Dr. Michael Egnor is, once again, trying to explain why evolution isn't important to medicine. This time he's responding to Mark Chu-Carroll's post on Tautology. In his latest post, Egnor continues to challenge the conventional wisdom that an understanding of evolution in general and natural selection in particular is essential to understanding and dealing with the phenomenon of bacterial resistance to antibiotics.

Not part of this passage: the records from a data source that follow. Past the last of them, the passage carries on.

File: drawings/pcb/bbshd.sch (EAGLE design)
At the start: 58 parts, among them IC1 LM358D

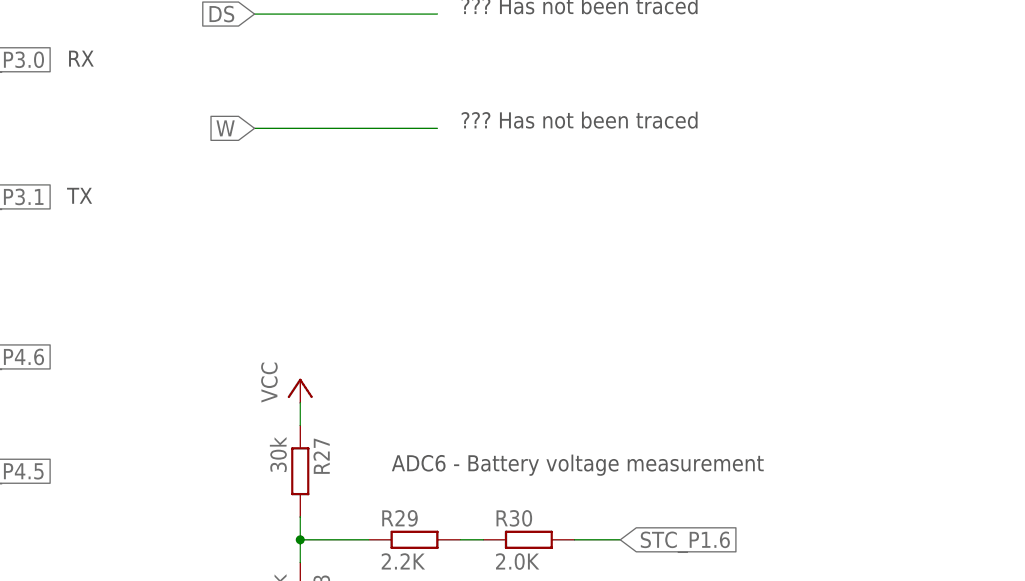
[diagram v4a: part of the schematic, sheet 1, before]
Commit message: add temperature sensor circuit to drawing and implemented rough function for reading controller temperature
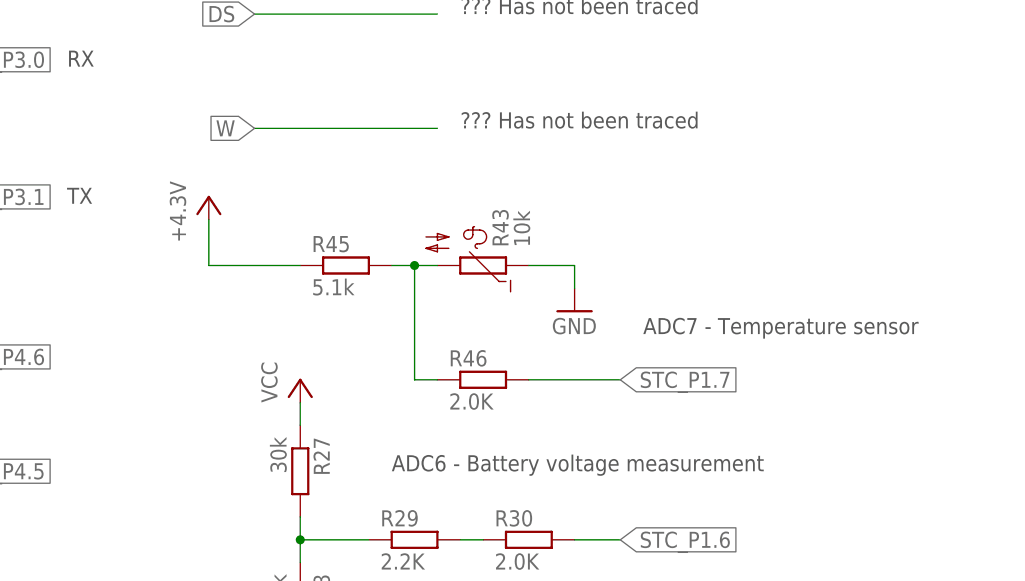
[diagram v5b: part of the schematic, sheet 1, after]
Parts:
- added R43: 10k, ptc-ntc:NTC640
- added R45: 5.1k, rcl:R-EU_R0603
- added R46: 2.0K, rcl:R-EU_R0603
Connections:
- new net N$21: R43.2, R45.2, R46.1
- new net STC_P1.7: R46.2
- net +3V3: now also R45.1
- net GND: now also R43.1
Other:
- note added: "ADC7 - Temperature sensor"
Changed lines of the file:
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@@
 <part name="R20" library="rcl" deviceset="R-EU_" device="R0603" value="0"/>
 <part name="R44" library="rcl" deviceset="R-EU_" device="R0603" value="0"/>
+<part name="R43" library="ptc-ntc" deviceset="NTC640" device="" value="10k"/>
+<part name="R45" library="rcl" deviceset="R-EU_" device="R0603" value="5.1k"/>
+<part name="+3V4" library="supply1" deviceset="+3V3" device="" value="+4.3V"/>
+<part name="GND12" library="supply1" deviceset="GND" device=""/>
+<part name="R46" library="rcl" deviceset="R-EU_" device="R0603" value="2.0K"/>
 </parts>
 <sheets>
@@
 <text x="231.648" y="149.098" size="1.778" layer="97">TxD3</text>
 <text x="161.036" y="139.954" size="1.778" layer="97">Another UART brought out to pins, no data has been seen.</text>
+<text x="208.28" y="71.12" size="1.778" layer="97">ADC7 - Temperature sensor</text>
 </plain>
 <instances>
@@
 <instance part="R41" gate="G$1" x="208.28" y="149.86" rot="R180"/>
 <instance part="R42" gate="G$1" x="208.28" y="124.46" rot="R180"/>
+<instance part="R43" gate="1" x="190.5" y="78.74" rot="R90"/>
+<instance part="R45" gate="G$1" x="175.26" y="78.74"/>
+<instance part="+3V4" gate="G$1" x="160.02" y="86.36"/>
+<instance part="GND12" gate="1" x="200.66" y="73.66"/>
+<instance part="R46" gate="G$1" x="190.5" y="66.04"/>
 </instances>
 <busses>
@@
 <pinref part="GND8" gate="1" pin="GND"/>
 <wire x1="170.18" y1="35.56" x2="170.18" y2="33.02" width="0.1524" layer="91"/>
+</segment>
+<segment>
+<pinref part="R43" gate="1" pin="1"/>
+<wire x1="195.58" y1="78.74" x2="200.66" y2="78.74" width="0.1524" layer="91"/>
+<pinref part="GND12" gate="1" pin="GND"/>
+<wire x1="200.66" y1="78.74" x2="200.66" y2="76.2" width="0.1524" layer="91"/>
 </segment>
 </net>
@@
 <junction x="38.1" y="38.1"/>
 </segment>
+<segment>
+<pinref part="+3V4" gate="G$1" pin="+3V3"/>
+<wire x1="160.02" y1="83.82" x2="160.02" y2="78.74" width="0.1524" layer="91"/>
+<pinref part="R45" gate="G$1" pin="1"/>
+<wire x1="160.02" y1="78.74" x2="170.18" y2="78.74" width="0.1524" layer="91"/>
+</segment>
 </net>
 <net name="N$7" class="0">
@@
 </segment>
 </net>
+<net name="N$21" class="0">
+<segment>
+<pinref part="R45" gate="G$1" pin="2"/>
+<pinref part="R43" gate="1" pin="2"/>
+<wire x1="180.34" y1="78.74" x2="182.88" y2="78.74" width="0.1524" layer="91"/>
+<wire x1="182.88" y1="78.74" x2="185.42" y2="78.74" width="0.1524" layer="91"/>
+<wire x1="182.88" y1="78.74" x2="182.88" y2="66.04" width="0.1524" layer="91"/>
+<junction x="182.88" y="78.74"/>
+<pinref part="R46" gate="G$1" pin="1"/>
+<wire x1="182.88" y1="66.04" x2="185.42" y2="66.04" width="0.1524" layer="91"/>
+</segment>
+</net>
+<net name="STC_P1.7" class="0">
+<segment>
+<pinref part="R46" gate="G$1" pin="2"/>
+<wire x1="195.58" y1="66.04" x2="205.74" y2="66.04" width="0.1524" layer="91"/>
+<label x="205.74" y="66.04" size="1.778" layer="95" xref="yes"/>
+</segment>
+</net>

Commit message: Support motor winding temperature sensor (#45, #46) * Use max value of controller and motor temperature for thermal limiting.
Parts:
- added R47: 5.1K, rcl:R-EU_R0603
- added R48: 10K, ptc-ntc:NTC642-6
- R46: value 2.0K -> 3.0K
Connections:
- net +3V3: no longer R45.1
- net +5V: now also R45.1, R47.1
- net GND: now also R48.2
- net N$16: now also R47.2, R48.1
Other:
- note added: "Components missing, located on the bottom side of pcb right under STC MCU. Two SOT-23, likely two transistors, some form of input protection maybe?"
- note added: "Motor winding temperature sensor. Labeled as "T" on hall sensor board."
- note added: "WARNING: Not sure this opamp circuit is 100% correct, it looks a bit strange. OPAMP is there to amplify voltage drop over shunt resistors in order to get a more detailed reading with ADC."
- note removed: "Components missing, located on the bottom side of pcb right under STC MCU. Two SOT-23, likely two transistors, some form of level conversion to 5V maybe?"
- note removed: "Unknown function (ADC4) Labeled as "T" on hall sensor board. Motor temperature sensor?"
- note removed: "WARNING: Not sure this opamp circuit is 100% correct. OPAMP is there to amplify voltage drop over shunt resistors in order to get a more detailed reading with ADC. Connected to NEC MCU which cannot be programmed atm so doesn't really matter."
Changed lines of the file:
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@@
 <part name="R43" library="ptc-ntc" deviceset="NTC640" device="" value="10k"/>
 <part name="R45" library="rcl" deviceset="R-EU_" device="R0603" value="5.1k"/>
-<part name="+3V4" library="supply1" deviceset="+3V3" device="" value="+4.3V"/>
 <part name="GND12" library="supply1" deviceset="GND" device=""/>
-<part name="R46" library="rcl" deviceset="R-EU_" device="R0603" value="2.0K"/>
+<part name="R46" library="rcl" deviceset="R-EU_" device="R0603" value="3.0K"/>
+<part name="P+8" library="supply1" deviceset="+5V" device=""/>
+<part name="R47" library="rcl" deviceset="R-EU_" device="R0603" value="5.1K"/>
+<part name="P+9" library="supply1" deviceset="+5V" device=""/>
+<part name="R48" library="ptc-ntc" deviceset="NTC642-6" device="" value="10K"/>
+<part name="GND13" library="supply1" deviceset="GND" device=""/>
 </parts>
 <sheets>
@@
 the bottom side of pcb right under STC MCU.
 Two SOT-23, likely two transistors,
-some form of level conversion to 5V maybe?</text>
+some form of input protection maybe?</text>
 <text x="17.018" y="60.198" size="1.778" layer="97">PAS1</text>
 <text x="17.018" y="62.738" size="1.778" layer="97">PAS2</text>
@@
 <instance part="R43" gate="1" x="190.5" y="78.74" rot="R90"/>
 <instance part="R45" gate="G$1" x="175.26" y="78.74"/>
-<instance part="+3V4" gate="G$1" x="160.02" y="86.36"/>
 <instance part="GND12" gate="1" x="200.66" y="73.66"/>
 <instance part="R46" gate="G$1" x="190.5" y="66.04"/>
+<instance part="P+9" gate="1" x="160.02" y="86.36"/>
 </instances>
 <busses>
@@
 <pinref part="D5" gate="G$1" pin="A"/>
 <wire x1="55.88" y1="119.38" x2="55.88" y2="111.76" width="0.1524" layer="91"/>
+</segment>
+<segment>
+<pinref part="R45" gate="G$1" pin="1"/>
+<wire x1="160.02" y1="78.74" x2="170.18" y2="78.74" width="0.1524" layer="91"/>
+<pinref part="P+9" gate="1" pin="+5V"/>
+<wire x1="160.02" y1="83.82" x2="160.02" y2="78.74" width="0.1524" layer="91"/>
 </segment>
 </net>
@@
 <wire x1="43.18" y1="38.1" x2="38.1" y2="38.1" width="0.1524" layer="91"/>
 <junction x="38.1" y="38.1"/>
-</segment>
-<segment>
-<pinref part="+3V4" gate="G$1" pin="+3V3"/>
-<wire x1="160.02" y1="83.82" x2="160.02" y2="78.74" width="0.1524" layer="91"/>
-<pinref part="R45" gate="G$1" pin="1"/>
-<wire x1="160.02" y1="78.74" x2="170.18" y2="78.74" width="0.1524" layer="91"/>
 </segment>
 </net>
@@
 <text x="217.17" y="20.32" size="2.54" layer="94">Daniel Nilsson</text>
 <text x="142.24" y="58.42" size="1.778" layer="97">WARNING:
-Not sure this opamp circuit is 100% correct.
+Not sure this opamp circuit is 100% correct, it looks a bit strange.
 OPAMP is there to amplify voltage drop over shunt
-resistors in order to get a more detailed reading with ADC.
-Connected to NEC MCU which cannot be programmed
-atm so doesn't really matter.</text>
-<text x="68.072" y="166.878" size="1.778" layer="97">Unknown function (ADC4)
-Labeled as "T" on hall sensor board.
-Motor temperature sensor?</text>
+resistors in order to get a more detailed reading with ADC.</text>
+<text x="80.772" y="166.878" size="1.778" layer="97">Motor winding temperature sensor.
+Labeled as "T" on hall sensor board.</text>
 <text x="165.1" y="127" size="1.778" layer="97">Some form of status LED.
 Seems to be blinking during normal operation.</text>
@@
 <instance part="R20" gate="G$1" x="66.04" y="104.14"/>
 <instance part="R44" gate="G$1" x="66.04" y="111.76"/>
+<instance part="P+8" gate="1" x="35.56" y="172.72"/>
+<instance part="R47" gate="G$1" x="43.18" y="165.1"/>
+<instance part="R48" gate="1" x="35.56" y="152.4"/>
+<instance part="GND13" gate="1" x="27.94" y="154.94"/>
 </instances>
 <busses>
@@
 <pinref part="C4" gate="G$1" pin="2"/>
 <wire x1="66.04" y1="152.4" x2="66.04" y2="154.94" width="0.1524" layer="91"/>
+</segment>
+<segment>
+<pinref part="R48" gate="1" pin="2"/>
+<wire x1="35.56" y1="157.48" x2="35.56" y2="160.02" width="0.1524" layer="91"/>
+<wire x1="35.56" y1="160.02" x2="27.94" y2="160.02" width="0.1524" layer="91"/>
+<pinref part="GND13" gate="1" pin="GND"/>
+<wire x1="27.94" y1="160.02" x2="27.94" y2="157.48" width="0.1524" layer="91"/>
 </segment>
 </net>
@@
 <segment>
 <pinref part="JP4" gate="A" pin="6"/>
-<wire x1="27.94" y1="144.78" x2="50.8" y2="144.78" width="0.1524" layer="91"/>
+<wire x1="27.94" y1="144.78" x2="35.56" y2="144.78" width="0.1524" layer="91"/>
+<wire x1="35.56" y1="144.78" x2="50.8" y2="144.78" width="0.1524" layer="91"/>
 <wire x1="50.8" y1="144.78" x2="50.8" y2="165.1" width="0.1524" layer="91"/>
 <pinref part="R39" gate="G$1" pin="1"/>
 <wire x1="50.8" y1="165.1" x2="53.34" y2="165.1" width="0.1524" layer="91"/>
+<pinref part="R47" gate="G$1" pin="2"/>
+<wire x1="48.26" y1="165.1" x2="50.8" y2="165.1" width="0.1524" layer="91"/>
+<junction x="50.8" y="165.1"/>
+<pinref part="R48" gate="1" pin="1"/>
+<wire x1="35.56" y1="147.32" x2="35.56" y2="144.78" width="0.1524" layer="91"/>
+<junction x="35.56" y="144.78"/>
 </segment>
 </net>
@@
 <wire x1="154.94" y1="119.38" x2="162.56" y2="119.38" width="0.1524" layer="91"/>
 </segment>
-</net>
+<segment>
+<pinref part="P+8" gate="1" pin="+5V"/>
+<wire x1="35.56" y1="170.18" x2="35.56" y2="165.1" width="0.1524" layer="91"/>
+<pinref part="R47" gate="G$1" pin="1"/>
+<wire x1="35.56" y1="165.1" x2="38.1" y2="165.1" width="0.1524" layer="91"/>
+</segment>
+</net>

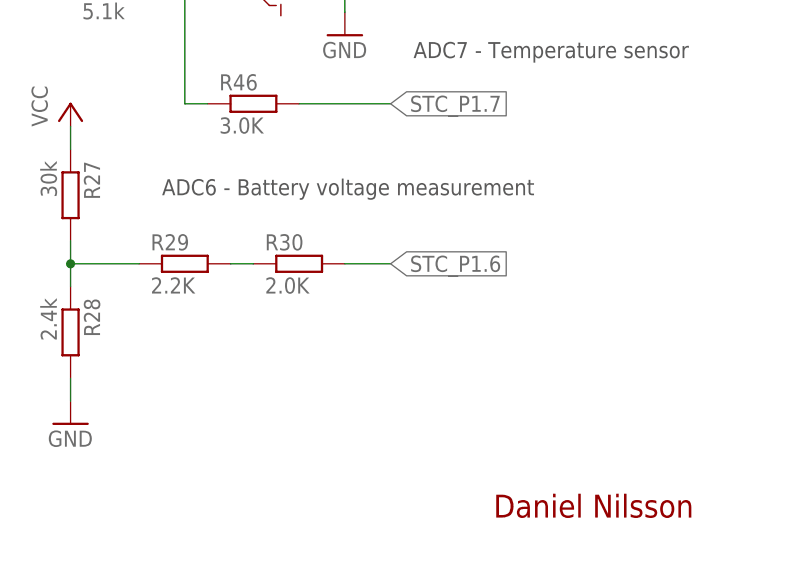
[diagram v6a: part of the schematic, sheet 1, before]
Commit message: ADC voltage reading adjustments * Trace and add voltage reading to NEC MCU in drawing. * Set unused voltage reading pin on STC MCU to input high impedance to not affect reading by NEC MCU. * Set ADC steps per volt to 14.9 which seems to more closely match most BBSHD controllers (will differ between controllers!) * Add voltage reading print to event log.
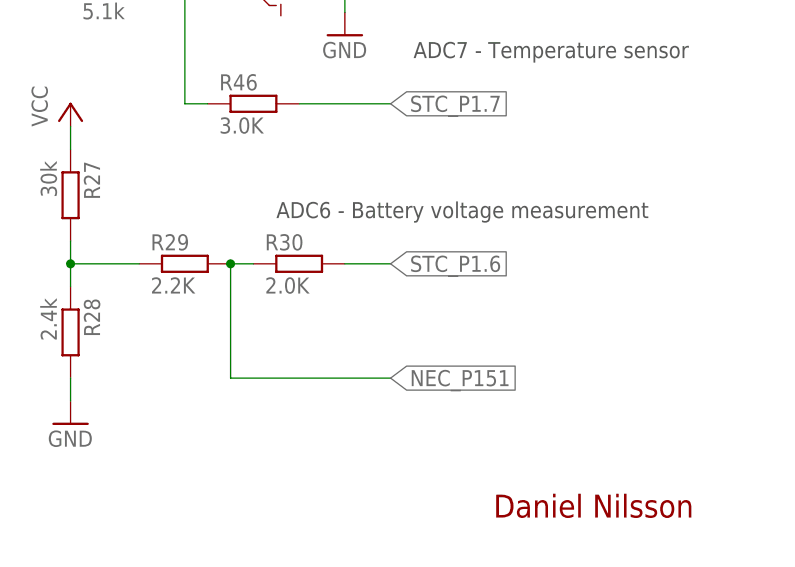
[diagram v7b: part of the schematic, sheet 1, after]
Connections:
- net N$15 renamed NEC_P151
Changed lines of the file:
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@@
 <text x="18.796" y="29.718" size="1.778" layer="97">SPD</text>
 <text x="217.17" y="20.066" size="2.54" layer="94">Daniel Nilsson</text>
-<text x="180.34" y="55.88" size="1.778" layer="97">ADC6 - Battery voltage measurement</text>
+<text x="193.04" y="53.34" size="1.778" layer="97">ADC6 - Battery voltage measurement</text>
 <text x="231.648" y="123.698" size="1.778" layer="97">TxD4</text>
 <text x="231.648" y="133.858" size="1.778" layer="97">RxD4</text>
@@
 </segment>
 </net>
-<net name="N$15" class="0">
+<net name="NEC_P151" class="0">
 <segment>
 <pinref part="R30" gate="G$1" pin="1"/>
 <pinref part="R29" gate="G$1" pin="2"/>
 <wire x1="190.5" y1="48.26" x2="187.96" y2="48.26" width="0.1524" layer="91"/>
-</segment>
-</net>
+<wire x1="187.96" y1="48.26" x2="187.96" y2="35.56" width="0.1524" layer="91"/>
+<junction x="187.96" y="48.26"/>
+<wire x1="187.96" y1="35.56" x2="205.74" y2="35.56" width="0.1524" layer="91"/>
+<label x="205.74" y="35.56" size="1.778" layer="95" xref="yes"/>
+</segment>
+</net>

Here's his latest statement along those lines:
Mark, your dad's illness didn't happen because his doctor didn't know enough about random mutation and natural selection. Our battle against bacterial resistance to antibiotics depends on the study of the intricate molecular strategies bacteria use to fight antibiotics, and our development of new antibiotics is a process of designing drugs to counter the bacterial strategies. We use molecular biology, microbiology, and pharmacology. We understand that bacteria aren't killed by antibiotics that they're resistant to. We understand tautologies. Darwin isn't a big help here.
Thus far, Dr. Egnor has only discussed the phenomenon of bacterial resistance in general. I'm going to present a pair of real, specific, and relatively recent scenarios where I think an understanding of evolution by natural selection has played an important role in public health debates involving appropriate uses of specific antibiotics. My question - and challenge - to Dr. Egnor is this: can you explain why an understanding of evolution by natural selection was really not important in these specific cases? If you cannot, can you please explain why you still believe that an understanding of evolution by natural selection is irrelevant to medicine?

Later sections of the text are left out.